┌─ Exercise materials

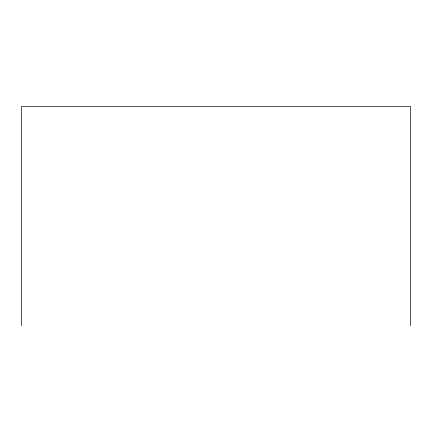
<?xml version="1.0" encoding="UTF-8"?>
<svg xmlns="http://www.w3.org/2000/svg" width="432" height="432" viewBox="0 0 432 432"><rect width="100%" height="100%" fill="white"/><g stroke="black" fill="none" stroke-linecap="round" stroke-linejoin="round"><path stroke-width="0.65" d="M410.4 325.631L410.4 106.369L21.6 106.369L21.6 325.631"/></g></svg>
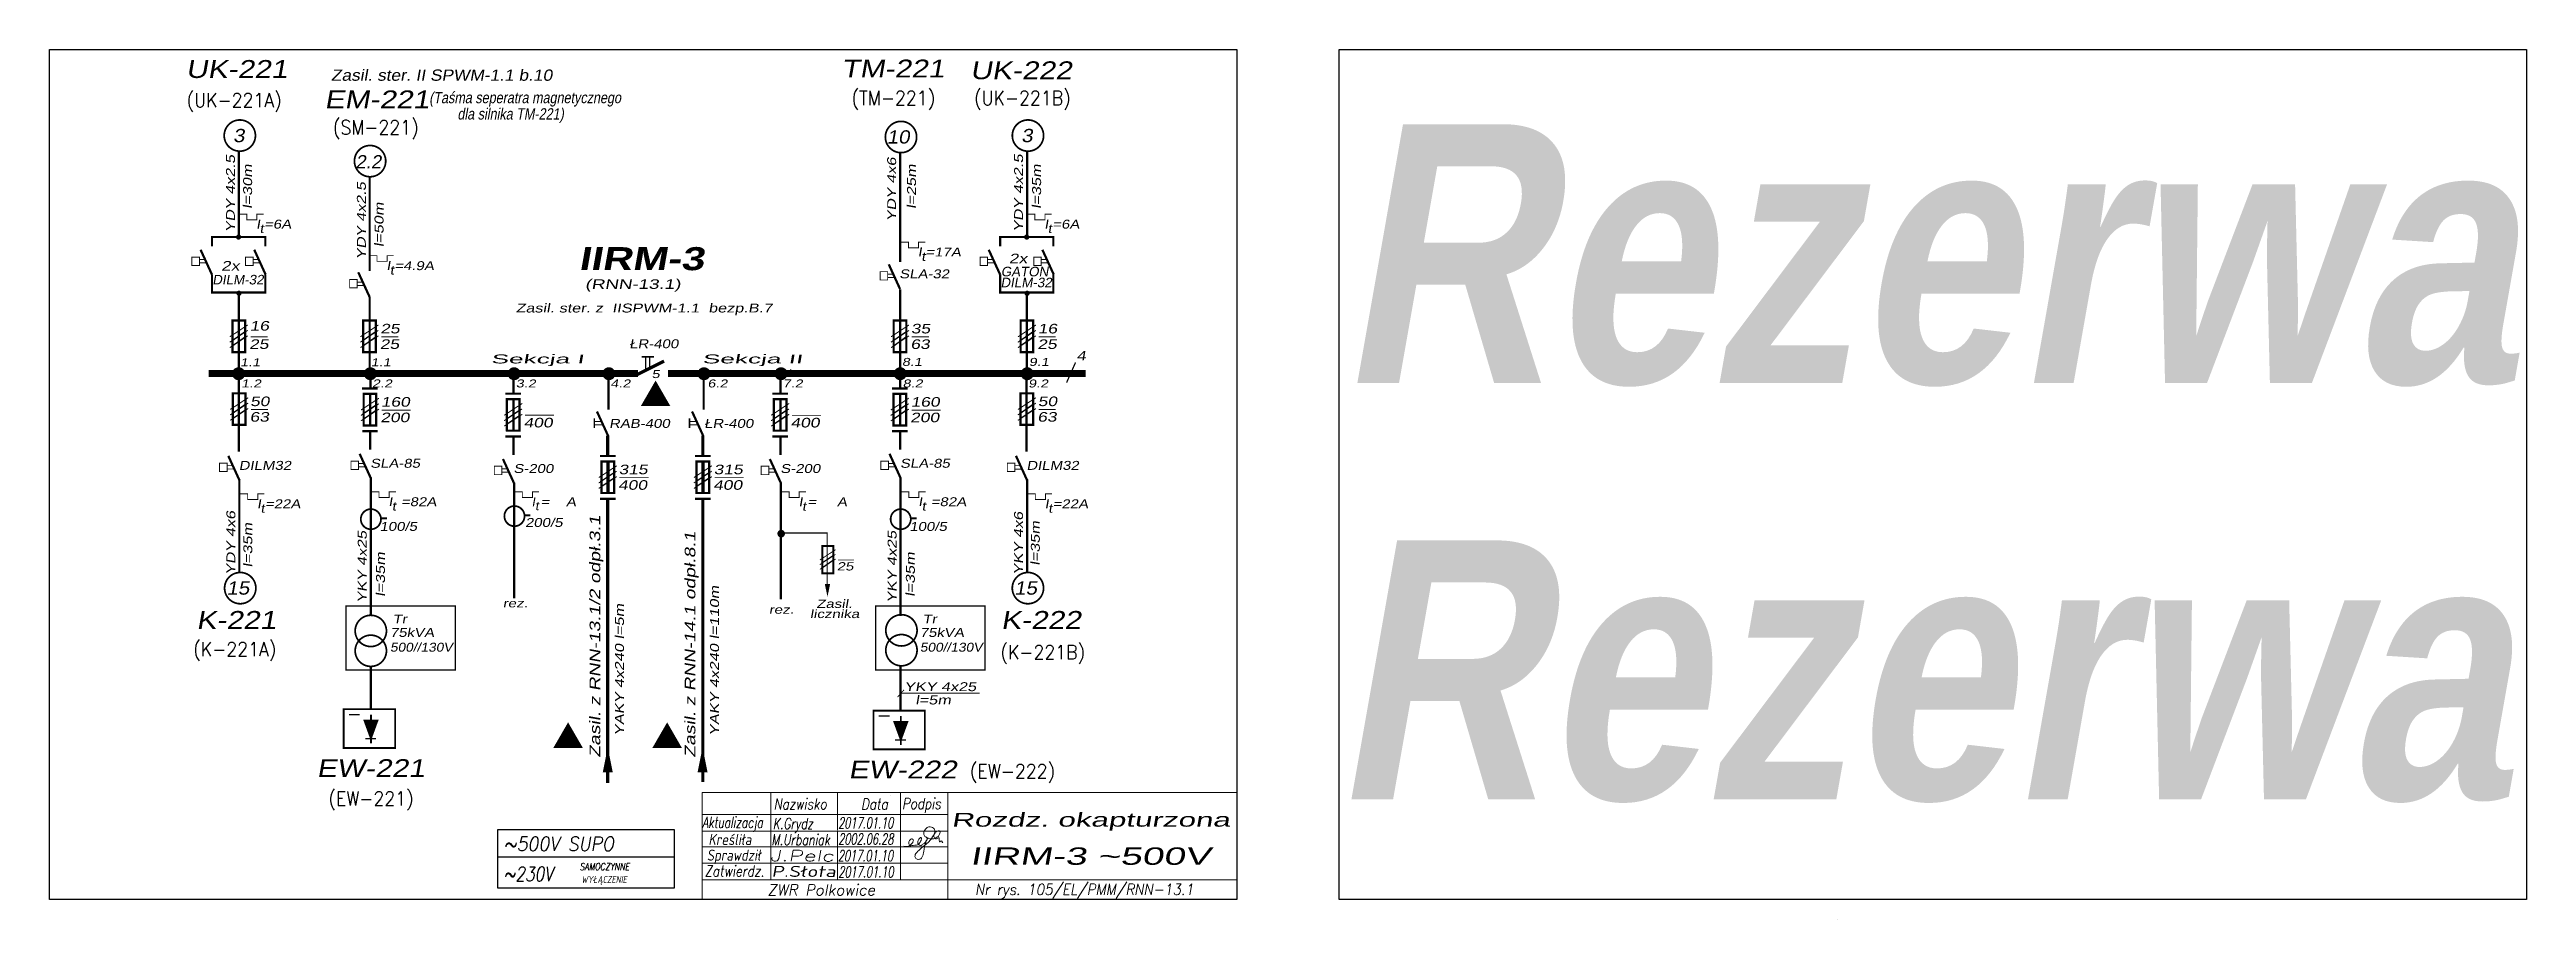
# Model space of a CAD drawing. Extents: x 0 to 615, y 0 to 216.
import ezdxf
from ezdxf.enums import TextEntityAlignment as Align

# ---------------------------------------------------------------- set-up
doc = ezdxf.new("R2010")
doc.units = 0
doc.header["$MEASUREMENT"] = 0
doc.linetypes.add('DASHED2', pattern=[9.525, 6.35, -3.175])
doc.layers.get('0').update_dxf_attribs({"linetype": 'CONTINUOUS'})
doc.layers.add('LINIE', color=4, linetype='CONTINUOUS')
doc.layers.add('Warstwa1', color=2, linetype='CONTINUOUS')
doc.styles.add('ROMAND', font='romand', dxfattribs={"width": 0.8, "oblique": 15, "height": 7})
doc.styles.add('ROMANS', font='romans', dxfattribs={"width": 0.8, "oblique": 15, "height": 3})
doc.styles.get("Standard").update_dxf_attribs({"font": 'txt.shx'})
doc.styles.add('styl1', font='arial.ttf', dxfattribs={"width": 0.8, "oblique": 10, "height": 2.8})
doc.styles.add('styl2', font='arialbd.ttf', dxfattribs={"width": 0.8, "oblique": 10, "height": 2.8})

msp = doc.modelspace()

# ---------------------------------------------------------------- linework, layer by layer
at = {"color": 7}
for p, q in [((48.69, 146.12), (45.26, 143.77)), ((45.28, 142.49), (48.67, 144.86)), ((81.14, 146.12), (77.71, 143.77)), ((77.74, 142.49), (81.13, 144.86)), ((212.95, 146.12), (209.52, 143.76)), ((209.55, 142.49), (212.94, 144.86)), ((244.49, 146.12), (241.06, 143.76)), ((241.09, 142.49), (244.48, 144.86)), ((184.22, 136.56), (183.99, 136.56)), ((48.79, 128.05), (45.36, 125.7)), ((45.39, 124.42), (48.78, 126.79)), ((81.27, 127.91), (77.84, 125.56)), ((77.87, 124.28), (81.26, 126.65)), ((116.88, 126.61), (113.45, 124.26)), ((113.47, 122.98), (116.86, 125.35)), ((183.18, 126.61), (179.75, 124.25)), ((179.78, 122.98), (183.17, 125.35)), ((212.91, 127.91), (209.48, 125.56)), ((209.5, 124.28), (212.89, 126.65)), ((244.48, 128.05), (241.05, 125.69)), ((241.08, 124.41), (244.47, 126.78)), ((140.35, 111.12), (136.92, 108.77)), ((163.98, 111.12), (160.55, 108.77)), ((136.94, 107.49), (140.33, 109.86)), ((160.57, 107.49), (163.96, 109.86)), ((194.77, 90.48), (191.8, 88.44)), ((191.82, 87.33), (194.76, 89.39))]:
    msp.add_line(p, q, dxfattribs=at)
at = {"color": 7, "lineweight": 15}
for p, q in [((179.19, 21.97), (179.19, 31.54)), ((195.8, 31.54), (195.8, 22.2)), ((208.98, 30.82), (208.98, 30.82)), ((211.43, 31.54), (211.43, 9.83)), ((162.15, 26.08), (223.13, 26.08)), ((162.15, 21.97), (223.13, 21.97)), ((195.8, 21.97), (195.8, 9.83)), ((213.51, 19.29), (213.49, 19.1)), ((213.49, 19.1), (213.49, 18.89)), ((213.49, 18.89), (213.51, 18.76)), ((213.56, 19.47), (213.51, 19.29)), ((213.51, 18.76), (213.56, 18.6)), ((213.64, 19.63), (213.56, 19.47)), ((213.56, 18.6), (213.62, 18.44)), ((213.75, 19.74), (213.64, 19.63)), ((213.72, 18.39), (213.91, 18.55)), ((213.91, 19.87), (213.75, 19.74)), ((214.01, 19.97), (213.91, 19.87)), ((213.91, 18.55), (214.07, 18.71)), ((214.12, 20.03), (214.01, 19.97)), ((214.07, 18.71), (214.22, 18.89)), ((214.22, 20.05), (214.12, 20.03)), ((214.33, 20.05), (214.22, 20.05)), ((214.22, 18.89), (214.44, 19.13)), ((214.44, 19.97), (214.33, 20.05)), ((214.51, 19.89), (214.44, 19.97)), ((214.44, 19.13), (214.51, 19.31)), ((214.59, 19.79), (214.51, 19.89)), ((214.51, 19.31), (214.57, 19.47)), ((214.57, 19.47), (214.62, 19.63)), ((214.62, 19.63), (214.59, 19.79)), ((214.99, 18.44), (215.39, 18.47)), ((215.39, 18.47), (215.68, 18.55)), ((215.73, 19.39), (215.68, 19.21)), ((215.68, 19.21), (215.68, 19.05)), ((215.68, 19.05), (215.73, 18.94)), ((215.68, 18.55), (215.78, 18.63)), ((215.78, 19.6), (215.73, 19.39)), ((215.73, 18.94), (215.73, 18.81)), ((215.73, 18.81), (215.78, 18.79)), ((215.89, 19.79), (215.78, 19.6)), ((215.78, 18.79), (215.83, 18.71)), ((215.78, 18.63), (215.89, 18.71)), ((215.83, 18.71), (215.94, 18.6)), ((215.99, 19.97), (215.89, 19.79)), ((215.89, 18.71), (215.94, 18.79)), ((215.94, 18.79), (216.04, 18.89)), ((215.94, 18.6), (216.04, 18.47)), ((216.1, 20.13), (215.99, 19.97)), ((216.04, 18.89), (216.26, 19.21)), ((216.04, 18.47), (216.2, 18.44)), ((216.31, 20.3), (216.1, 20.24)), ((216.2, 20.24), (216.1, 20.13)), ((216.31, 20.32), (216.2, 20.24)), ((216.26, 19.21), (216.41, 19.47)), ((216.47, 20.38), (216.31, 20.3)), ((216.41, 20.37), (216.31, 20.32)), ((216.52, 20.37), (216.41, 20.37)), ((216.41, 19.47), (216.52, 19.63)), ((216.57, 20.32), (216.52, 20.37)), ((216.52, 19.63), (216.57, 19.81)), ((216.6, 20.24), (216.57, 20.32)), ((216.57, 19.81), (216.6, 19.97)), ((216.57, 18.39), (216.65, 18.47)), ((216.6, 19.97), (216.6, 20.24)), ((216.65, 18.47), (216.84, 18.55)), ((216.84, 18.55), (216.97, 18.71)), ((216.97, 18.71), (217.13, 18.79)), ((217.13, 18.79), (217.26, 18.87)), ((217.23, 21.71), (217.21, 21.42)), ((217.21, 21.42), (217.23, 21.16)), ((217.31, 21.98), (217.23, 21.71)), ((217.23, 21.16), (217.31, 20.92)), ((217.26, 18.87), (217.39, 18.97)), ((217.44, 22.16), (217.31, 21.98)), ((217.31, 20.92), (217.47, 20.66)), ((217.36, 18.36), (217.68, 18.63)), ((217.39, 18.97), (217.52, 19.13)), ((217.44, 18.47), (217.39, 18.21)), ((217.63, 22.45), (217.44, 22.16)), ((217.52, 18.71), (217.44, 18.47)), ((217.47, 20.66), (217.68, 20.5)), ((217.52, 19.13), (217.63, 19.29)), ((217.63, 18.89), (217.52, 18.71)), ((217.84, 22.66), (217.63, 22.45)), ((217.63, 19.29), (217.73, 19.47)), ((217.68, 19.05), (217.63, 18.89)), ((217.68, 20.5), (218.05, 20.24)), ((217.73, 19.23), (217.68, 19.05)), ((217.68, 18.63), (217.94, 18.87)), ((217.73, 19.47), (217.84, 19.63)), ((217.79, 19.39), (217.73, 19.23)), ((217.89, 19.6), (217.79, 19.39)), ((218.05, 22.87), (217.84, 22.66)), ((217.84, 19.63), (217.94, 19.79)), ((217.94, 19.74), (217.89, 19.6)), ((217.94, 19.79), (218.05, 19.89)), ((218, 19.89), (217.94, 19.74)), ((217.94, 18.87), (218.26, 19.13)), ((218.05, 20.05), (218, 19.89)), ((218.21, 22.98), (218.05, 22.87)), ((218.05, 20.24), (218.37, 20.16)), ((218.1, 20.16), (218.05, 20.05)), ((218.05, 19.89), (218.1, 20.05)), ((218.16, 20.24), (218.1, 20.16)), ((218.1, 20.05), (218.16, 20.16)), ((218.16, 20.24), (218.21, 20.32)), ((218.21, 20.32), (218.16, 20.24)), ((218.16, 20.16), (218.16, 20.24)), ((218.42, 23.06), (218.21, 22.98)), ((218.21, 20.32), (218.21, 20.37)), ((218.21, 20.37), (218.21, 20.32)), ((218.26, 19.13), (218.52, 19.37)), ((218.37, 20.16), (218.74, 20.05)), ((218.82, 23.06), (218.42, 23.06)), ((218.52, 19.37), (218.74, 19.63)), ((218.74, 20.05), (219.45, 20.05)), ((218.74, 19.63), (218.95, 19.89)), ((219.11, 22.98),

└─

Exercise aim: In the records, how many lines have the word "import" in them? Only the number is needed.

Task result: 2